Alterity reached an agreement with the FDA on the non-clinical investigations required to support the Phase 2 study. In addition, the FDA agreed to key aspects of the Company's Phase 2 study design including the proposed patient population, safety monitoring plan, and strategy for evaluating drug exposure during the study.
As there are currently no approved treatments for MSA and, therefore, no regulatory precedent regarding accepted efficacy endpoints. FDA has also encouraged Alterity to utilise data from a natural history study that Alterity has planned with clinical and neuroimaging experts at Vanderbilt University Medical Center in the US.
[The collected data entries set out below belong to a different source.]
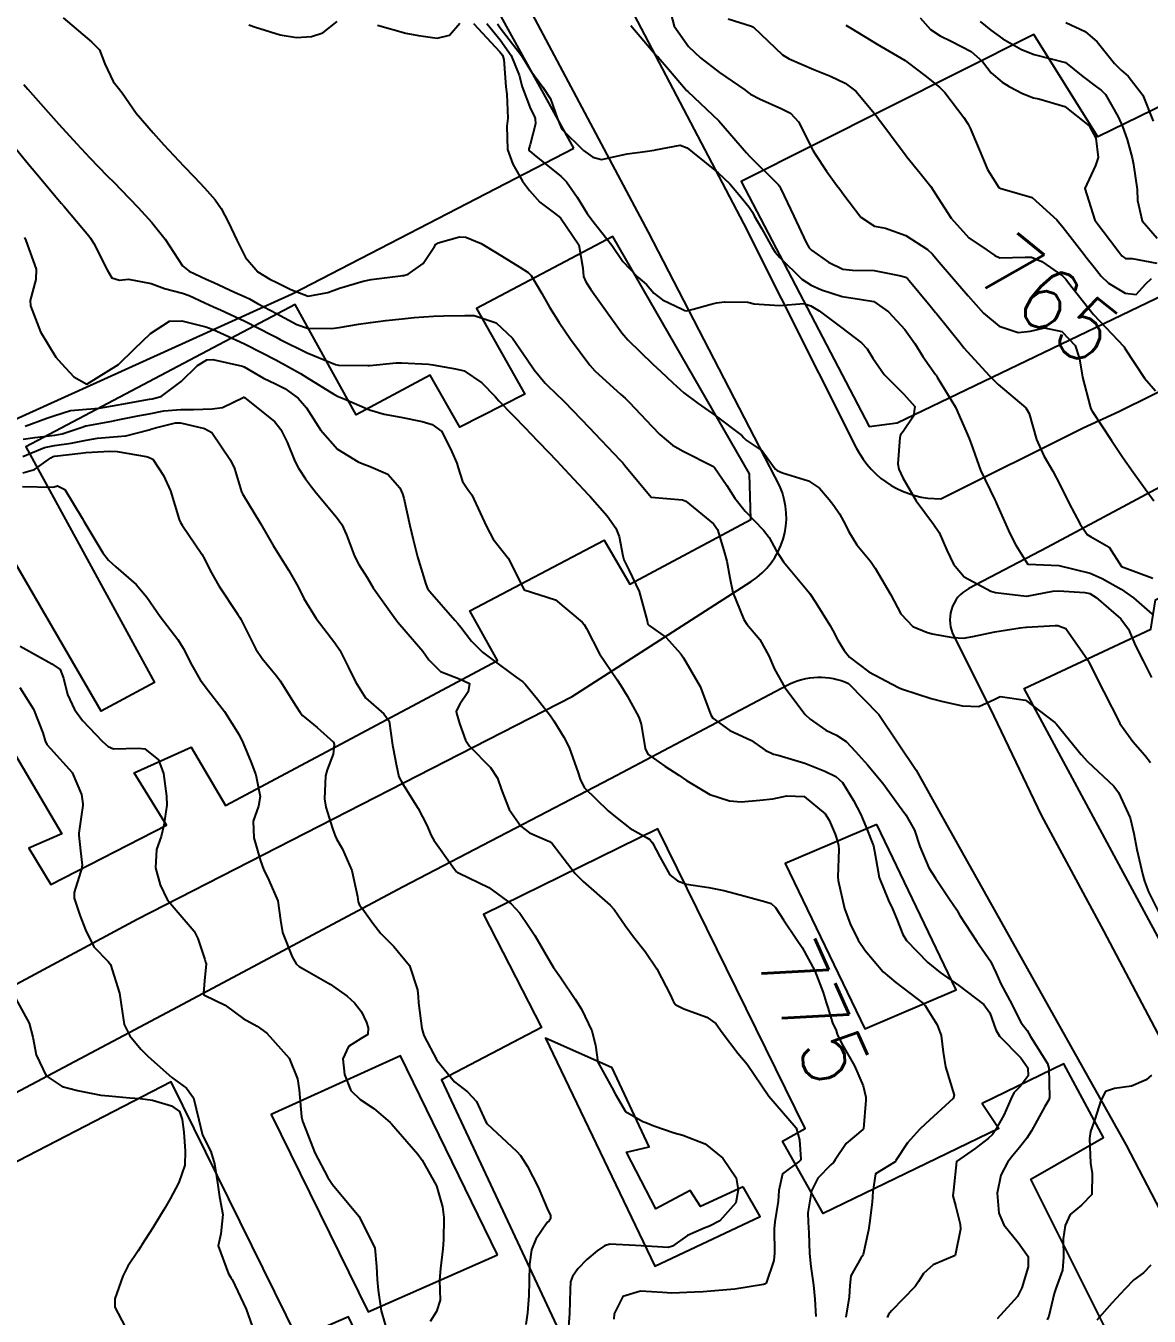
# Model space of a CAD drawing. Header units: metres. Extents: x 318500 to 325275, y 7408834 to 7428799.
# Drawn here: x 323206.3 to 323277.8, y 7420787.6 to 7420869.7 of the extents above; entities that cross this region are included whole.
import ezdxf
from ezdxf.enums import TextEntityAlignment as Align

# ---------------------------------------------------------------- set-up
doc = ezdxf.new("R2010")
doc.units = ezdxf.units.M
doc.header["$MEASUREMENT"] = 0
for name, color, linetype in [('Cotas', 45, 'Continuous'), ('Curvas de Nivel 1m', 11, 'Continuous'), ('Curvas de Nivel 5m', 15, 'Continuous'), ('Edificações', 30, 'Continuous'), ('Vias Primárias', 230, 'Continuous')]:
    doc.layers.add(name, color=color, linetype=linetype)
doc.styles.add('Style-STANDARD', font='STANDARD.shx')

msp = doc.modelspace()

# ---------------------------------------------------------------- linework, layer by layer
at = {"layer": 'Curvas de Nivel 1m', "flags": 128}
for points, elevation in [([(323247.255, 7420870.981), (323247.589, 7420869.699), (323248.501, 7420868.395), (323249.271, 7420867.672), (323250.476, 7420866.739), (323252.093, 7420865.636), (323252.3, 7420865.474), (323252.457, 7420865.352), (323253.016, 7420865.063), (323254.448, 7420864.425), (323254.993, 7420864.15), (323255.505, 7420863.594), (323256.413, 7420861.799), (323256.535, 7420861.578), (323257.288, 7420860.461), (323257.952, 7420859.557), (323258.14, 7420859.307), (323258.381, 7420858.948), (323259.465, 7420857.539), (323260.352, 7420856.968), (323261.039, 7420856.83), (323262.343, 7420856.372), (323263.715, 7420855.479), (323264.027, 7420855.175), (323264.324, 7420854.827), (323265.499, 7420853.458), (323266.296, 7420852.532), (323267.27, 7420851.43), (323268.268, 7420850.587), (323269.48, 7420850.183), (323270.263, 7420850.276), (323271.161, 7420850.486), (323272.263, 7420850.253), (323273.121, 7420849.357), (323273.399, 7420848.51), (323273.581, 7420847.35), (323274.062, 7420845.482), (323274.112, 7420845.341), (323274.198, 7420845.183), (323275.436, 7420843.321), (323275.726, 7420842.877), (323276.159, 7420842.236), (323276.8, 7420841.304), (323278.123, 7420839.485)], 766), ([(323208.691, 7420870.217), (323210.498, 7420868.701), (323211.021, 7420868.182), (323211.36, 7420867.294), (323211.879, 7420866.169), (323212.144, 7420865.852), (323212.453, 7420865.452), (323213.349, 7420864.151), (323214.421, 7420862.897), (323215.118, 7420862.129), (323216.39, 7420860.772), (323217.032, 7420860.1), (323217.689, 7420859.406), (323218.366, 7420858.646), (323218.762, 7420858.076), (323219.234, 7420857.184), (323219.762, 7420856.066), (323220.314, 7420854.977), (323221.088, 7420854.048), (323221.846, 7420853.587), (323222.294, 7420853.385), (323223.195, 7420852.923), (323224.285, 7420852.506), (323225.54, 7420852.735), (323226.29, 7420853.008), (323227.793, 7420853.456), (323228.296, 7420853.569), (323230.173, 7420853.796), (323230.299, 7420853.811), (323230.391, 7420853.827), (323230.657, 7420853.916), (323231.622, 7420854.595), (323232.327, 7420855.668), (323232.417, 7420855.811), (323232.579, 7420855.896), (323233.932, 7420856.28), (323234.336, 7420856.264), (323235.296, 7420855.856), (323236.321, 7420855.239), (323237.773, 7420854.36), (323238.303, 7420854.019), (323238.49, 7420853.817), (323239.162, 7420852.68), (323239.663, 7420851.799), (323240.266, 7420850.839), (323240.994, 7420849.779), (323242.225, 7420848.113), (323242.55, 7420847.757), (323244.205, 7420846.257), (323244.478, 7420846.011), (323244.758, 7420845.732), (323246.178, 7420844.227), (323246.675, 7420843.702), (323247.489, 7420843.016), (323248.16, 7420842.64), (323250.086, 7420841.661), (323250.149, 7420841.606), (323250.933, 7420840.449), (323251.461, 7420839.64), (323252.108, 7420838.824), (323253.279, 7420837.612), (323253.627, 7420837.149), (323254.077, 7420836.313), (323254.56, 7420835.595), (323256.044, 7420833.82), (323256.231, 7420833.577), (323256.634, 7420832.968), (323257.507, 7420831.558), (323257.684, 7420831.232), (323258.001, 7420830.616), (323258.402, 7420829.952), (323258.759, 7420829.538), (323259.976, 7420828.598), (323261.868, 7420827.594), (323261.961, 7420827.555), (323262.126, 7420827.498), (323263.952, 7420826.905), (323264.698, 7420826.71), (323265.945, 7420826.442), (323266.986, 7420826.388), (323267.951, 7420826.833), (323268.344, 7420827.024), (323269.951, 7420826.793), (323271.825, 7420825.362), (323271.88, 7420825.312), (323271.929, 7420825.26), (323273.49, 7420823.344), (323273.903, 7420822.894), (323275.57, 7420821.315), (323275.874, 7420820.913), (323276.609, 7420819.299), (323276.846, 7420818.301), (323277.035, 7420817.292), (323277.431, 7420815.66), (323277.538, 7420815.284), (323277.79, 7420814.597), (323278.437, 7420813.273)], 771), ([(323263.253, 7420870.214), (323263.9, 7420869.479), (323264.514, 7420869.075), (323265.232, 7420868.74), (323266.499, 7420868.074), (323267.207, 7420867.439), (323267.778, 7420866.726), (323268.477, 7420866.12), (323268.92, 7420865.859), (323269.766, 7420865.401), (323270.466, 7420865.12), (323270.797, 7420865.055), (323272.458, 7420864.568), (323273.999, 7420863.347), (323274.428, 7420862.564), (323274.58, 7420861.337), (323274.405, 7420860.818), (323273.726, 7420859.35), (323274.36, 7420857.34), (323275.891, 7420855.317), (323276.079, 7420855.065), (323276.326, 7420854.904), (323276.739, 7420854.893), (323278.323, 7420854.601)], 763), ([(323235.665, 7420869.853), (323236.505, 7420868.811), (323237.223, 7420867.833), (323237.723, 7420866.576), (323237.913, 7420865.825), (323238.446, 7420864.423), (323238.656, 7420864.03), (323238.739, 7420863.816), (323238.771, 7420863.478), (323238.415, 7420862.157), (323238.342, 7420861.889), (323238.347, 7420861.821), (323238.409, 7420861.735), (323238.813, 7420861.405), (323240.385, 7420860.136), (323240.732, 7420859.785), (323241.409, 7420858.813), (323242.053, 7420857.765), (323242.354, 7420857.374), (323243.628, 7420855.747), (323244.315, 7420854.715), (323245.274, 7420853.725), (323245.82, 7420853.242), (323246.29, 7420852.7), (323246.85, 7420852.266), (323248.107, 7420851.683), (323248.279, 7420851.599), (323248.385, 7420851.572), (323248.81, 7420851.675), (323249.941, 7420852.006), (323250.284, 7420852.084), (323250.786, 7420852.153), (323252.285, 7420852.117), (323252.684, 7420852.022), (323254.285, 7420851.919), (323255.834, 7420852.037), (323256.285, 7420851.894), (323256.823, 7420851.572), (323258.264, 7420850.49), (323259.516, 7420849.531), (323259.88, 7420849.159), (323260.24, 7420848.556), (323260.965, 7420847.513), (323262.211, 7420846.26), (323262.908, 7420845.489), (323262.822, 7420844.859), (323262.176, 7420843.901), (323262.004, 7420843.67), (323261.946, 7420843.502), (323261.826, 7420841.83), (323261.895, 7420841.503), (323262.142, 7420840.944), (323262.99, 7420839.487), (323264.098, 7420837.998), (323264.45, 7420837.465), (323264.953, 7420836.332), (323265.377, 7420835.45), (323266.058, 7420834.637), (323267.737, 7420833.731), (323268.044, 7420833.656), (323270.014, 7420833.416), (323270.04, 7420833.418), (323271.686, 7420833.725), (323272.046, 7420833.746), (323273.734, 7420833.653), (323274.044, 7420833.577), (323274.46, 7420833.334), (323276.02, 7420831.979), (323276.514, 7420831.302), (323276.949, 7420830.245), (323277.438, 7420829.288), (323277.974, 7420828.232)], 769), ([(323236.351, 7420869.843), (323236.516, 7420869.593), (323237.867, 7420867.826), (323238.475, 7420866.852), (323239.232, 7420865.808), (323239.725, 7420865.073), (323240.166, 7420863.794), (323240.43, 7420863.143), (323241.814, 7420861.769), (323242.404, 7420861.353), (323242.955, 7420861.202), (323244.407, 7420861.518), (323244.589, 7420861.555), (323245.743, 7420861.72), (323246.324, 7420861.799), (323246.412, 7420861.815), (323247.98, 7420862.123), (323248.414, 7420861.946), (323248.755, 7420861.677), (323250.39, 7420860.346), (323251.141, 7420859.649), (323251.703, 7420858.969), (323252.365, 7420858.171), (323252.579, 7420857.843), (323252.693, 7420857.625), (323253.178, 7420856.787), (323253.839, 7420855.607), (323254.023, 7420855.302), (323254.324, 7420854.96), (323255.714, 7420853.586), (323256.304, 7420853.202), (323256.96, 7420852.911), (323258.294, 7420852.477), (323259.523, 7420852.3), (323260.29, 7420852.162), (323261.24, 7420851.51), (323262.263, 7420850.375), (323262.909, 7420849.49), (323263.427, 7420848.667), (323264.23, 7420847.515), (323264.249, 7420847.489), (323264.264, 7420847.469), (323264.338, 7420847.359), (323265.495, 7420845.451), (323266.177, 7420843.899), (323266.358, 7420843.438), (323266.486, 7420843.118), (323267.088, 7420841.431), (323268.001, 7420839.542), (323268.068, 7420839.421), (323268.118, 7420839.306), (323268.955, 7420837.407), (323269.329, 7420836.648), (323270.071, 7420835.466), (323270.124, 7420835.442), (323272.07, 7420835.36), (323274.063, 7420834.878), (323274.841, 7420834.546), (323276.048, 7420833.854), (323276.828, 7420833.298), (323278.025, 7420832.273)], 768), ([(323244.833, 7420869.735), (323246.491, 7420867.787), (323246.562, 7420867.709), (323247.226, 7420866.952), (323248.302, 7420865.682), (323248.381, 7420865.603), (323248.459, 7420865.538), (323250.44, 7420863.66), (323252.191, 7420861.633), (323252.407, 7420861.405), (323254.229, 7420859.602), (323254.293, 7420859.515), (323254.377, 7420859.332), (323255.201, 7420857.592), (323255.995, 7420855.924), (323256.192, 7420855.581), (323256.328, 7420855.426), (323257.419, 7420854.661), (323258.317, 7420854.217), (323258.933, 7420854.157), (323260.316, 7420854.14), (323262.019, 7420853.797), (323262.312, 7420853.714), (323262.437, 7420853.624), (323262.542, 7420853.497), (323263.879, 7420851.883), (323264.222, 7420851.471), (323264.279, 7420851.399), (323265.856, 7420849.446), (323266.032, 7420849.227), (323266.245, 7420848.983), (323267.661, 7420847.426), (323268.222, 7420846.885), (323269.964, 7420845.394), (323270.195, 7420845.039), (323270.664, 7420843.383), (323271.129, 7420842.344), (323271.687, 7420841.367), (323272.137, 7420840.51), (323272.72, 7420839.354), (323273.441, 7420838.005), (323273.877, 7420837.342), (323274.089, 7420837.215), (323275.288, 7420836.528), (323276.07, 7420835.31), (323278.059, 7420834.567)], 767), ([(323258.522, 7420869.75), (323258.869, 7420869.547), (323260.505, 7420868.551), (323262.29, 7420867.503), (323262.41, 7420867.423), (323262.489, 7420867.366), (323263.544, 7420866.548), (323264.473, 7420865.811), (323264.81, 7420865.467), (323266.026, 7420863.874), (323266.3, 7420863.451), (323266.436, 7420863.19), (323267.167, 7420861.439), (323267.537, 7420860.568), (323268.258, 7420859.422), (323268.389, 7420859.349), (323268.474, 7420859.333), (323270.381, 7420858.796), (323271.949, 7420857.374), (323272.353, 7420856.877), (323273.548, 7420855.352), (323273.886, 7420854.907), (323274.32, 7420854.347), (323274.759, 7420853.777), (323275.233, 7420853.326), (323276.301, 7420852.702), (323276.997, 7420852.606), (323277.608, 7420853.297), (323277.975, 7420853.632)], 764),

This natural history study, referred to as bioMUSE, or biomarkers of Progression in Multiple System Atrophy, will enrol early-stage MSA patients and track change in clinical parameters and biomarkers for up to one year. Natural history studies are important for characterizing disease progression over time in selected patient populations. Well-conducted, these studies can provide vital information to optimize clinical trial design and inform the selection of biomarkers to evaluate target engagement of drug candidates.
In parallel with the US strategy, Alterity is also pursuing a regulatory pathway in Europe and Australia. Dr David Stamler, Chief Medical Officer, said: "The FDA clearly recognizes the seriousness of MSA and the need for new treatments to address this devastating Orphan disease. Our pre-IND meeting was very collegial, and I look forward to again collaborating with the Division of Neurology to determine the best development path for ATH434 in the US. With the information obtained from this meeting, we have a clear path forward for conducting our Phase 2 study in MSA."